Still I worried. This is not like me. I had pins and needles all up my legs and I kept jiggling them to still the sensation, so I could get some sleep. I had just started working out with a personal trainer this past week. She asked me how I sleep. I told her I sleep hard generally. Was that it?  All that stimulation has got my circulation going. It was no wonder I couldn’t sleep. I had a two hour drive to get there, but being LA, I would give myself an extra hour to offset accident delays on the road etc. So the alarm is set for 5 am, but I didn’t get to bed until 2:30 or was it 3?  Do I even bother trying to sleep, sometimes that makes me tireder?  No excuses!  In this business, there are no acceptable excuses. The show must go on!

So when I went up for him to sign his book, I jabbered. I sunk into “the hole” I dug once before. It seemed like a hole because I noticed that with everyone else he asked, what do you do? He didn’t ask me. Me, I had to make conversation and it was horrid, he responded tersely, not amicably nor did he ask questions back like he did the others before me.  It was like, “Next!”.  I knew I was dressed well. I bathed before going. What was it?

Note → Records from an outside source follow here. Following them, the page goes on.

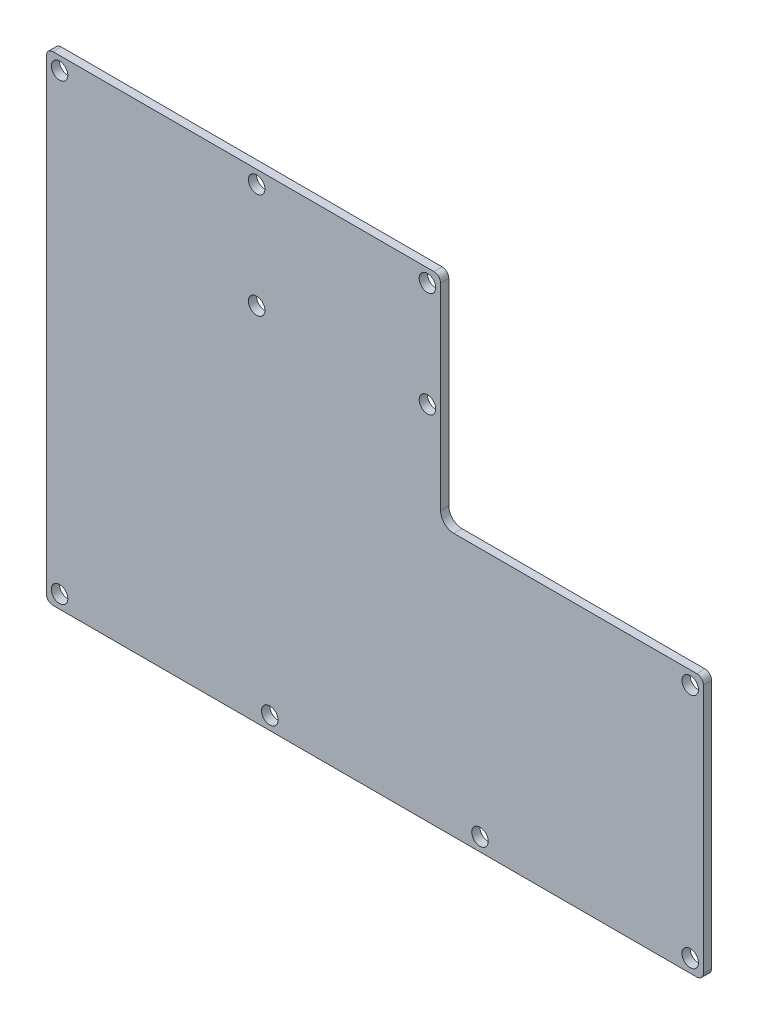
SolidWorks part; units mm, degrees
ref_plane "Front" through (0, 0, 0) normal (0, 0, 1) x (1, 0, 0)
ref_plane "Top" through (0, 0, 0) normal (0, 1, 0) x (1, 0, 0)
ref_plane "Right" through (0, 0, 0) normal (1, 0, 0) x (0, 0, -1)
sketch "Model" plane through (0, 0, 0) normal (0, 0, 1) x (1, 0, 0)
  line L0 (127, 49.53) -> (127, 1.27)
  line L1 (0, 91.44) -> (0, 1.27)
  line L2 (1.27, 0) -> (125.73, 0)
  line L3 (1.27, 92.71) -> (74.93, 92.71)
  line L4 (76.2, 91.44) -> (76.2, 53.34)
  line L5 (78.74, 50.8) -> (125.73, 50.8)
  arc A0 (125.73, 0) -> (127, 1.27) centre (125.73, 1.27) ccw
  arc A1 (0, 1.27) -> (1.27, 0) centre (1.27, 1.27) ccw
  arc A2 (76.2, 91.44) -> (74.93, 92.71) centre (74.93, 91.44) ccw
  arc A3 (1.27, 92.71) -> (0, 91.44) centre (1.27, 91.44) ccw
  arc A4 (76.2, 53.34) -> (78.74, 50.8) centre (78.74, 53.34) ccw
  arc A5 (127, 49.53) -> (125.73, 50.8) centre (125.73, 49.53) ccw
  circle A6 centre (2.54, 2.54) radius 1.6
  circle A7 centre (124.46, 2.54) radius 1.6
  circle A8 centre (2.54, 90.17) radius 1.6
  circle A9 centre (43.18, 2.54) radius 1.6
  circle A10 centre (83.82, 2.54) radius 1.6
  circle A11 centre (124.46, 48.26) radius 1.6
  circle A12 centre (73.66, 69.85) radius 1.6
  circle A13 centre (40.64, 69.85) radius 1.6
  circle A14 centre (40.64, 90.17) radius 1.6
  circle A15 centre (73.66, 90.17) radius 1.6
extrude "Boss-Extrude1" add sketch "Model" against normal blind 1.5875

For two days I stewed about whether this was for me.  Can I survive? I know there will be more people like that, but it obviously would not be them I’d be working with. The self talk was incessant. I didn’t have this problem at the pitch fest and everyone I spoke with loved my pitch. So why this time? Then I remembered that one of my dearest friends in Hollywood was someone I had had a rough start with. We eventually became fast friends and when I moved back to California, she demanded she be the first person I would call and visit and she was.

What I do know is I need to get back in there and not give up. I’ve got a lot going against me and age is the biggie and everyone tells you that. What has stood out and is certainly relevant to me is, if something gives you trouble, keep putting yourself out there until it’s no longer a problem. What I have going for me is the texture and color I can bring into my work that comes from life’s experiences.  So, here I go again.  I’m going to another workshop with people in the business and let’s hope I do better this time.

As they say in Italian, salute! Cheers!